Task statement: For this exercise, restate word for word only the lines from the first line of the data to the line containing "settings DataIOCC: SaveFormat=StructureWithTime".

──────

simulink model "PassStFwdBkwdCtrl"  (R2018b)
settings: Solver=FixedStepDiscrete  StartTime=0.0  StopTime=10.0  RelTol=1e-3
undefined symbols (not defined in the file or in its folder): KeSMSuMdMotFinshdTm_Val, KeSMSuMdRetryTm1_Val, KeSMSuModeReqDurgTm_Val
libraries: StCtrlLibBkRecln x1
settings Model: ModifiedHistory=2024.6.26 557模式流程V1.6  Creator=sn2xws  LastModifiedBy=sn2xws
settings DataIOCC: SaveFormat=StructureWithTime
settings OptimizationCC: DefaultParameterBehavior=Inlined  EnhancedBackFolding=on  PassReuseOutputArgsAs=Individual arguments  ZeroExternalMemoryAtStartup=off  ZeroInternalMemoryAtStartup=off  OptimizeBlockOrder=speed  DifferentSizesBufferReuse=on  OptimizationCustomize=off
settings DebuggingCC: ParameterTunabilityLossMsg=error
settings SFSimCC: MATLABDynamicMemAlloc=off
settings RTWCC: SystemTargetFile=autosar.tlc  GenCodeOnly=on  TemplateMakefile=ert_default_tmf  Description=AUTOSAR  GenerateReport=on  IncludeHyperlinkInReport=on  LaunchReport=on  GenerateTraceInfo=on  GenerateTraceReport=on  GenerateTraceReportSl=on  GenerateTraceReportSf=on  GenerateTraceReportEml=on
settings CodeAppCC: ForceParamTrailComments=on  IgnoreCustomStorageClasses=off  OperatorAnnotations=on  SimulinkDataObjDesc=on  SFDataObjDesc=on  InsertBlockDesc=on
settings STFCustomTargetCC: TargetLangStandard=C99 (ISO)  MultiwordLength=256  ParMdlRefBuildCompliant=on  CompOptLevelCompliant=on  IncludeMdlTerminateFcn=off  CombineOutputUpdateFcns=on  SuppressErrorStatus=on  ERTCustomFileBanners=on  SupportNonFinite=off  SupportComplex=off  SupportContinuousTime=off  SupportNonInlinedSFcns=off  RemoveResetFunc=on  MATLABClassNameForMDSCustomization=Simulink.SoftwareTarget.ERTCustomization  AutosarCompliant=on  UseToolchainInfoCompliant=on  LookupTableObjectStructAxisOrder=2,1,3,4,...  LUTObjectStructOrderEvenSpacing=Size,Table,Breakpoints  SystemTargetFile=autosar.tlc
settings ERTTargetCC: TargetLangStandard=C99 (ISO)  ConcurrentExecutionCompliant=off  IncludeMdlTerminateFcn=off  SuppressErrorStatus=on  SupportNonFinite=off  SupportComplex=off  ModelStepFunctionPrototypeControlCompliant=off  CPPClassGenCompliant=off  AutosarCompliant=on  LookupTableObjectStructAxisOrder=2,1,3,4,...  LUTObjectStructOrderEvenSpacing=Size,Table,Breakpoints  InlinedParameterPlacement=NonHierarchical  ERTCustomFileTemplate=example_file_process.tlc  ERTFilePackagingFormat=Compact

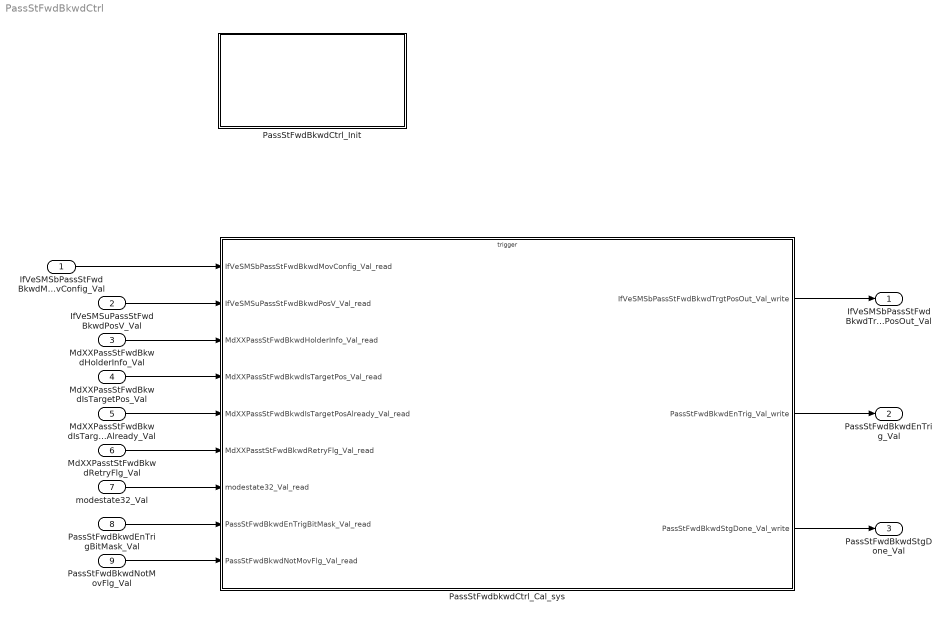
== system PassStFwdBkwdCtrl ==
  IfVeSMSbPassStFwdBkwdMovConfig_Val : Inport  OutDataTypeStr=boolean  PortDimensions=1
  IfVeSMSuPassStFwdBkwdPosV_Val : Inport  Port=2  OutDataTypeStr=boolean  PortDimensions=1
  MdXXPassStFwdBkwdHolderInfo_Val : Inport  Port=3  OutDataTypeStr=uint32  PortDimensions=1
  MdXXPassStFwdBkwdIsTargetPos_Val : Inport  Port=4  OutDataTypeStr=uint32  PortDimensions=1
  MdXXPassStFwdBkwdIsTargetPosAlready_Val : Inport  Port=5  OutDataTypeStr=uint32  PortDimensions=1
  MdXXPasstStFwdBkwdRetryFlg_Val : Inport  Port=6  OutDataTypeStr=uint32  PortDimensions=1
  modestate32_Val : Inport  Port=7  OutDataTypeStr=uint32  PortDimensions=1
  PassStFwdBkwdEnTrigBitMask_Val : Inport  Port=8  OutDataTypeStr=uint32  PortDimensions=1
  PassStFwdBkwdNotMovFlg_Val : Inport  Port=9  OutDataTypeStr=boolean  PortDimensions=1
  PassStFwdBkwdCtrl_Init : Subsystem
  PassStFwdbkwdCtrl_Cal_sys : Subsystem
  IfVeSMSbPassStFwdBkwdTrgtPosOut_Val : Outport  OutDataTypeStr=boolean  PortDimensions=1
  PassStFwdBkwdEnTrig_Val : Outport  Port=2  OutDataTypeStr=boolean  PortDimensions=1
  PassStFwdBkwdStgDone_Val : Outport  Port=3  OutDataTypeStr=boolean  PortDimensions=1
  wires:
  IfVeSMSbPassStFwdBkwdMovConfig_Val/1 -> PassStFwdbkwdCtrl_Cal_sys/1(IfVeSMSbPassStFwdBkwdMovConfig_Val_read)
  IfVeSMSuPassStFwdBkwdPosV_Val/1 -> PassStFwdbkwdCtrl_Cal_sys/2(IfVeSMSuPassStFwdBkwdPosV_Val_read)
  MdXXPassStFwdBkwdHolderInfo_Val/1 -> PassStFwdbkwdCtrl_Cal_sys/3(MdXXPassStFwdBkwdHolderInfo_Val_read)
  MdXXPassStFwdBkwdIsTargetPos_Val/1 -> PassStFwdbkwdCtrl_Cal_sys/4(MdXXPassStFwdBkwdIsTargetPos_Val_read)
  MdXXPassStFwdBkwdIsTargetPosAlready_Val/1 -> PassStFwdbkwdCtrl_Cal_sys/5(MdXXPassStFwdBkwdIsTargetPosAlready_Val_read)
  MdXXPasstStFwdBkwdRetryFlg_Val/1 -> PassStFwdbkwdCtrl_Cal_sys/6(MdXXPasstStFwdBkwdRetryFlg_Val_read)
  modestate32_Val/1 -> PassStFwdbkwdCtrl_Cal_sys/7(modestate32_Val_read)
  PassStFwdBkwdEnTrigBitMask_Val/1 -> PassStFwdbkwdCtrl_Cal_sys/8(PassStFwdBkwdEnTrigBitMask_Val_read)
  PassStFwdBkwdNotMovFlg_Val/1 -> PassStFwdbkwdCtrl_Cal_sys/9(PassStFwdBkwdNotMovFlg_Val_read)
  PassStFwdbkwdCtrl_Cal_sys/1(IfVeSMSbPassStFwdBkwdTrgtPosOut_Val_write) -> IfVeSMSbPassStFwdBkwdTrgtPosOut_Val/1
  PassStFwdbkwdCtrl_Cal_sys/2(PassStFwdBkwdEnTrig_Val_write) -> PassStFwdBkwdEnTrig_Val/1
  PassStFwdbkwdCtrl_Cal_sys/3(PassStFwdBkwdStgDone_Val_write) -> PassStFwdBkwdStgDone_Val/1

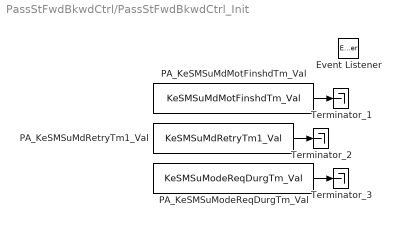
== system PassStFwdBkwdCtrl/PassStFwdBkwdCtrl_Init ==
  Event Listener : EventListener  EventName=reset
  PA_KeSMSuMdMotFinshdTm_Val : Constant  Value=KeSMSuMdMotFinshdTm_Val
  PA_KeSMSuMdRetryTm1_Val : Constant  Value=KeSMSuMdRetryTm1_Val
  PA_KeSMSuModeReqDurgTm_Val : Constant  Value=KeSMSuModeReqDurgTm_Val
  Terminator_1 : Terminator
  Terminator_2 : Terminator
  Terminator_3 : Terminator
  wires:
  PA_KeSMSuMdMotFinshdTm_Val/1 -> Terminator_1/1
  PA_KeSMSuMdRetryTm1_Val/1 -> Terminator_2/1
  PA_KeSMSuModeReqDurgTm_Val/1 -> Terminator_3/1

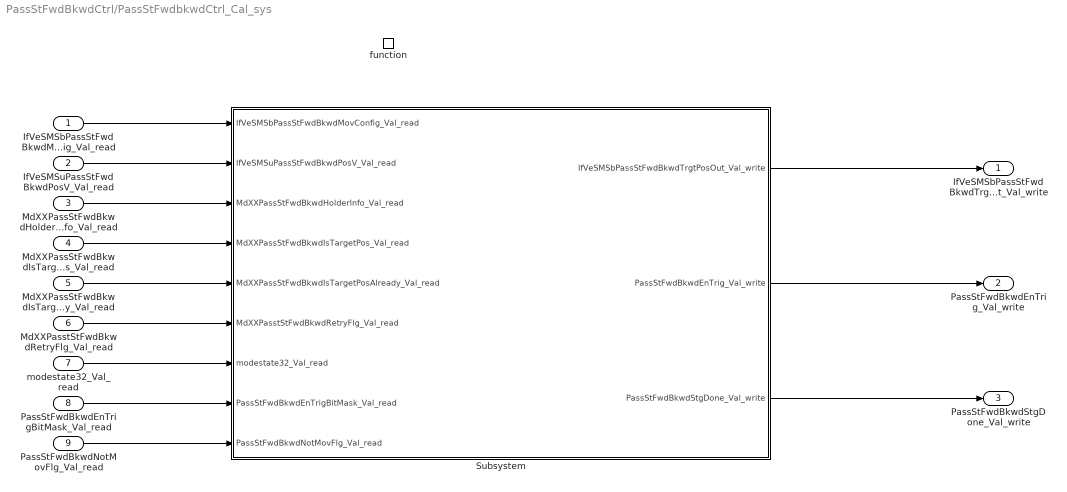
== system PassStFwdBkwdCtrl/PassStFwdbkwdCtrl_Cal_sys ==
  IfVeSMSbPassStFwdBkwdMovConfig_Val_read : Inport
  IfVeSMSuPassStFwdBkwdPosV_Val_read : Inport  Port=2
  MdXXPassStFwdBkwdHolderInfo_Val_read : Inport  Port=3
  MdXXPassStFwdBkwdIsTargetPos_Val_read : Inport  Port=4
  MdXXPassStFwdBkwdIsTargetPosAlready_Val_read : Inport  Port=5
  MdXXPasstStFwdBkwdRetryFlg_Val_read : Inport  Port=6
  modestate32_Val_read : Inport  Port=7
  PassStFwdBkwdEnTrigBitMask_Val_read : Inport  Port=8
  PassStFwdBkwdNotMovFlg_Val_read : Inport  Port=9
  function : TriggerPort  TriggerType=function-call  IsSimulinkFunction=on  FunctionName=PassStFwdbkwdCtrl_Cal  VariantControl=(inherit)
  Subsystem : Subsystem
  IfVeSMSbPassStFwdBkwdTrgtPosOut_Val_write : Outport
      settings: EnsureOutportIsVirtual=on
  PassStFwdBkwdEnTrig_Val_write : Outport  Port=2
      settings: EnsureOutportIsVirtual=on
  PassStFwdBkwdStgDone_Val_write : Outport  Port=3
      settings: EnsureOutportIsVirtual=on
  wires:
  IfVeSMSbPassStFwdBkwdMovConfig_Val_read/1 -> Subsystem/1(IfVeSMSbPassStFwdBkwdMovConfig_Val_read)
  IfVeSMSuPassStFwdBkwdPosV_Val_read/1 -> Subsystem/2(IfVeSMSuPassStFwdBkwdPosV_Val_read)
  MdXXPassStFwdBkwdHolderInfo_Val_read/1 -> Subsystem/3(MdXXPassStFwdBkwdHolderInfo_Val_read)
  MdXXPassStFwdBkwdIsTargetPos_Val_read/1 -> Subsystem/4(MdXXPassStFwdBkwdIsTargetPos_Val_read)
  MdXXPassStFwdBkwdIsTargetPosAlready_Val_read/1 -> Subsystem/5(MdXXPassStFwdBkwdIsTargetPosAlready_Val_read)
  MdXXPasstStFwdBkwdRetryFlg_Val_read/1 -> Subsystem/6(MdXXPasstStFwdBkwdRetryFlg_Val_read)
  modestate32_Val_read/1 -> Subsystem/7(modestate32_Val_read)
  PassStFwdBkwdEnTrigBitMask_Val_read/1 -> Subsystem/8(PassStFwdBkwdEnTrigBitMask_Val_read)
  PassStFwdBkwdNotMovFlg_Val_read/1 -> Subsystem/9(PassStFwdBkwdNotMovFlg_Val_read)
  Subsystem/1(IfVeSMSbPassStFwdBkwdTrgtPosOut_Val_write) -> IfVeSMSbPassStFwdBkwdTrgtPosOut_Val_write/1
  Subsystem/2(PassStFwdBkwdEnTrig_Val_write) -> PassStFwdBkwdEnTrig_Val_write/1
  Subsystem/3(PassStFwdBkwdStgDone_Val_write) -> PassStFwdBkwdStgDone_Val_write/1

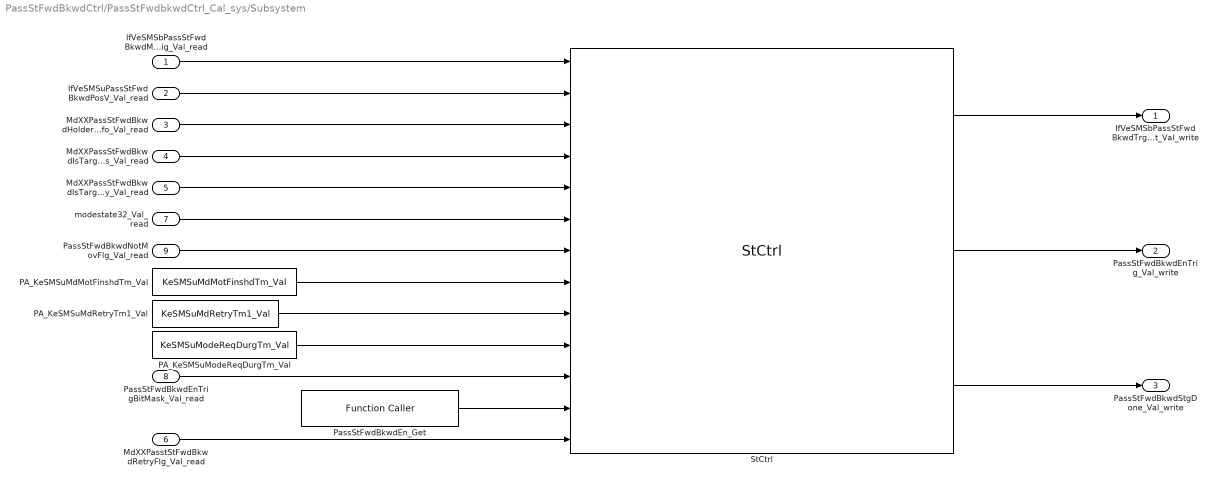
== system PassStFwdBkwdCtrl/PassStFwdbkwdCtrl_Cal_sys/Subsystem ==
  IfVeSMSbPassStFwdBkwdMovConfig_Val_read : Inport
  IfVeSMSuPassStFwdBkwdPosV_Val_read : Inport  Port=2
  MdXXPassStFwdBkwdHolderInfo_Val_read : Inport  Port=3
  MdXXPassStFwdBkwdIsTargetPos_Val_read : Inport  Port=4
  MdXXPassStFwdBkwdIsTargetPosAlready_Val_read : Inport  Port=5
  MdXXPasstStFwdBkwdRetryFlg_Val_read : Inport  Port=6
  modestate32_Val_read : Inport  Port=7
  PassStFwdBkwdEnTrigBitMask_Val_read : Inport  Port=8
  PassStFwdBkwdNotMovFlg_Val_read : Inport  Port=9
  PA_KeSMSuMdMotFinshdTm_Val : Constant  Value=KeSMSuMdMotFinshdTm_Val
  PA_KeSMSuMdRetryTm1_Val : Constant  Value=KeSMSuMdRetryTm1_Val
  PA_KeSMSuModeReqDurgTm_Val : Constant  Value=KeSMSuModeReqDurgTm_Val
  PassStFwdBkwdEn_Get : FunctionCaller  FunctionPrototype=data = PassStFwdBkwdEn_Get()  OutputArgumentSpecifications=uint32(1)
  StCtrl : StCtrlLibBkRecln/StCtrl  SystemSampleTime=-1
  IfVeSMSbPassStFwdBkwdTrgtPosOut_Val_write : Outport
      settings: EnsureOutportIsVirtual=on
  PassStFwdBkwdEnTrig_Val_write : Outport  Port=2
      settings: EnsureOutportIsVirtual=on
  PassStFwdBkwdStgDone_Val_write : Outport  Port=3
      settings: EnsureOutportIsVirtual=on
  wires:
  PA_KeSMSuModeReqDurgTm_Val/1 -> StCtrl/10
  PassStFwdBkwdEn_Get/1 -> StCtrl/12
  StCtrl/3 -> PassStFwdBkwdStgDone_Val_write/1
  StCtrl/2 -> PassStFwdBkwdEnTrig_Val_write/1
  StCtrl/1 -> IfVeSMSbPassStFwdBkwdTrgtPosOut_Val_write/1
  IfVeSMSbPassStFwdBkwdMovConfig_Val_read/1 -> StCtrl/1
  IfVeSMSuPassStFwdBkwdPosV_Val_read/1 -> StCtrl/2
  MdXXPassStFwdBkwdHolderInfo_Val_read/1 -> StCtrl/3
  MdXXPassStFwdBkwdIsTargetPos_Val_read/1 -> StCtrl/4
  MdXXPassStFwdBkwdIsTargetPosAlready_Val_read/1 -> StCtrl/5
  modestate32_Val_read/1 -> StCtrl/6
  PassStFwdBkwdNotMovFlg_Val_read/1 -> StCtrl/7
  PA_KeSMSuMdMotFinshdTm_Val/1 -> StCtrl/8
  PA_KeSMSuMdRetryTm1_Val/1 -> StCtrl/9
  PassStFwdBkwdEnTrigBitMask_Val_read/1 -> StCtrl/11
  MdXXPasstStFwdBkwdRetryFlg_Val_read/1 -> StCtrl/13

──────

Answer to this exercise:
simulink model "PassStFwdBkwdCtrl"  (R2018b)
settings: Solver=FixedStepDiscrete  StartTime=0.0  StopTime=10.0  RelTol=1e-3
undefined symbols (not defined in the file or in its folder): KeSMSuMdMotFinshdTm_Val, KeSMSuMdRetryTm1_Val, KeSMSuModeReqDurgTm_Val
libraries: StCtrlLibBkRecln x1
settings Model: ModifiedHistory=2024.6.26 557模式流程V1.6  Creator=sn2xws  LastModifiedBy=sn2xws
settings DataIOCC: SaveFormat=StructureWithTime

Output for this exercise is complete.